It was removed due to a lot of changes in Legion. It'll be back next time I retest everything.


----------



## GreiverBlade (Sep 23, 2016)

Fluffmeister said:


> Good looking card, but damn that GP104 looks lost on that massive PCB.
> 
> The margins on that badboy must be epic, bring on the competition in 6 months or something.


margin? ... nope not much than my 440$ Armor she perform same as any other 1070 in term of OC'ability ( even single 8pin) were i live a Gaming Z is more priced at 550$ than 460$ 

and GP104 looks lost on any MSI PCB that isn't a FE or a Aero (Armor and Gaming X/Z use the same PCB   )


----------



## Fluffmeister (Sep 23, 2016)

GreiverBlade said:


> margin? ... nope not much than my 440$ Armor she perform same as any other 1070 in term of OC'ability ( even single 8pin) were i live a Gaming Z is more priced at 550$ than 460$
> 
> and GP104 looks lost on any MSI PCB that isn't a FE or a Aero (Armor and Gaming X/Z use the same PCB   )



I was talking about nv's profit margins.


----------



## GreiverBlade (Sep 23, 2016)

Fluffmeister said:


> I was talking about nv's profit margins.


oh ... RIIIGHT! then i almost agree ... wait ... no i totally agree


----------



## Joss (Sep 29, 2016)

> Cooling modern video cards is becoming more and more difficult...


I think it's time to update the boxed text under the _Power Consumption_ page,
it's going on to 10 years old.


----------



## Kissamies (Sep 30, 2016)

"DVI output no longer includes analog VGA signals"

That should be on pros instead of cons in 2016 


MSI's coolers are awesome, I thought that Windforce 3x is about the best on custom graphics cards, but when I got my 780Ti, I realized that these Twin Frozrs are GREAT. I can just imagine how good these coolers are on newer cards.


----------



## Anymal (Oct 2, 2016)

9700 Pro said:


> "DVI output no longer includes analog VGA signals"
> 
> That should be on pros instead of cons in 2016
> 
> ...


Obviously you havent tried 290x MSI Gaming 4g yet.

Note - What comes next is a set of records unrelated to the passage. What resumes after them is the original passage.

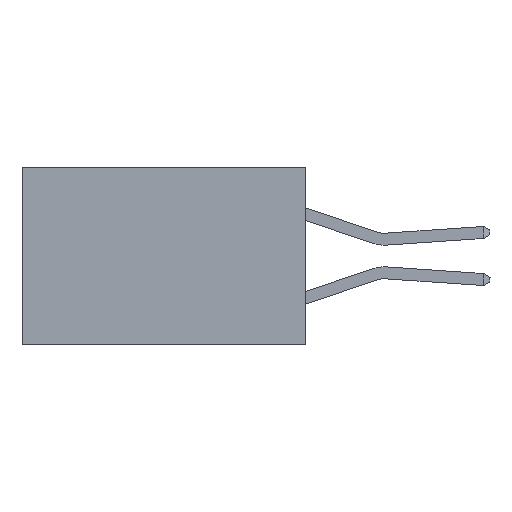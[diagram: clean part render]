
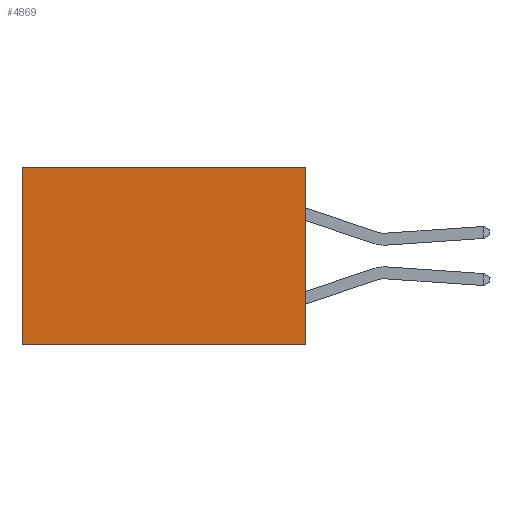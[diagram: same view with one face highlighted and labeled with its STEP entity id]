
A CAD part, left-side view. The second image highlights one B-rep face of the part: STEP entity #4869.
In plain terms, the highlighted planar face has unit normal (-1, 0, 0).
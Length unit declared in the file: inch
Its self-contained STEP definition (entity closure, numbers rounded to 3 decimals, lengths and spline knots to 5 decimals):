
#590 = VECTOR ( 'NONE', #10540, 39.37008 ) ;
#948 = DIRECTION ( 'NONE',  ( 0., 1., 0. ) ) ;
#2166 = CARTESIAN_POINT ( 'NONE',  ( 0.277, 0.59, 0. ) ) ;
#4869 = ADVANCED_FACE ( 'NONE', ( #22620 ), #18003, .F. ) ;
#6482 = CARTESIAN_POINT ( 'NONE',  ( 0.277, 0., 0. ) ) ;
#6936 = ORIENTED_EDGE ( 'NONE', *, *, #20963, .F. ) ;
#8034 = EDGE_LOOP ( 'NONE', ( #15730, #6936, #11938, #17499 ) ) ;
#9123 = DIRECTION ( 'NONE',  ( 0., 0., -1. ) ) ;
#9149 = CARTESIAN_POINT ( 'NONE',  ( 0.277, 0., -0.37 ) ) ;
#9288 = DIRECTION ( 'NONE',  ( 1., 0., 0. ) ) ;
#9655 = CARTESIAN_POINT ( 'NONE',  ( 0.277, 0., -0.37 ) ) ;
#9949 = VECTOR ( 'NONE', #23067, 39.37008 ) ;
#9993 = CARTESIAN_POINT ( 'NONE',  ( 0.277, 0.59, -0.37 ) ) ;
#10381 = EDGE_CURVE ( 'NONE', #12531, #17533, #14639, .T. ) ;
#10536 = LINE ( 'NONE', #19868, #590 ) ;
#10540 = DIRECTION ( 'NONE',  ( 0., 1., 0. ) ) ;
#11070 = DIRECTION ( 'NONE',  ( 0., 0., -1. ) ) ;
#11938 = ORIENTED_EDGE ( 'NONE', *, *, #18644, .F. ) ;
#12006 = VERTEX_POINT ( 'NONE', #19941 ) ;
#12531 = VERTEX_POINT ( 'NONE', #6482 ) ;
#12940 = VERTEX_POINT ( 'NONE', #22413 ) ;
#12992 = VECTOR ( 'NONE', #11070, 39.37008 ) ;
#14639 = LINE ( 'NONE', #17816, #19054 ) ;
#15730 = ORIENTED_EDGE ( 'NONE', *, *, #23495, .T. ) ;
#17400 = LINE ( 'NONE', #9149, #12992 ) ;
#17499 = ORIENTED_EDGE ( 'NONE', *, *, #10381, .T. ) ;
#17533 = VERTEX_POINT ( 'NONE', #2166 ) ;
#17816 = CARTESIAN_POINT ( 'NONE',  ( 0.277, 0., 0. ) ) ;
#18003 = PLANE ( 'NONE',  #18769 ) ;
#18644 = EDGE_CURVE ( 'NONE', #12531, #12006, #17400, .T. ) ;
#18769 = AXIS2_PLACEMENT_3D ( 'NONE', #9655, #9288, #9123 ) ;
#19054 = VECTOR ( 'NONE', #948, 39.37008 ) ;
#19337 = LINE ( 'NONE', #9993, #9949 ) ;
#19868 = CARTESIAN_POINT ( 'NONE',  ( 0.277, 0., -0.37 ) ) ;
#19941 = CARTESIAN_POINT ( 'NONE',  ( 0.277, 0., -0.37 ) ) ;
#20963 = EDGE_CURVE ( 'NONE', #12006, #12940, #10536, .T. ) ;
#22413 = CARTESIAN_POINT ( 'NONE',  ( 0.277, 0.59, -0.37 ) ) ;
#22620 = FACE_OUTER_BOUND ( 'NONE', #8034, .T. ) ;
#23067 = DIRECTION ( 'NONE',  ( 0., 0., -1. ) ) ;
#23495 = EDGE_CURVE ( 'NONE', #17533, #12940, #19337, .T. ) ;

Air: Do it like Evga and ASUS, neutral color card, so you can actually use the full rgb spectrum without looking terrible. 

Except if you choose brown-ish Noctua like


----------



## Kissamies (Oct 2, 2016)

Anymal said:


> Obviously you havent tried 290x MSI Gaming 4g yet.
> 
> Air: Do it like Evga and ASUS, neutral color card, so you can actually use the full rgb spectrum without looking terrible.
> 
> Except if you choose brown-ish Noctua like


Nope, I had only a XFX R9 290 with the reference hairdryer.


----------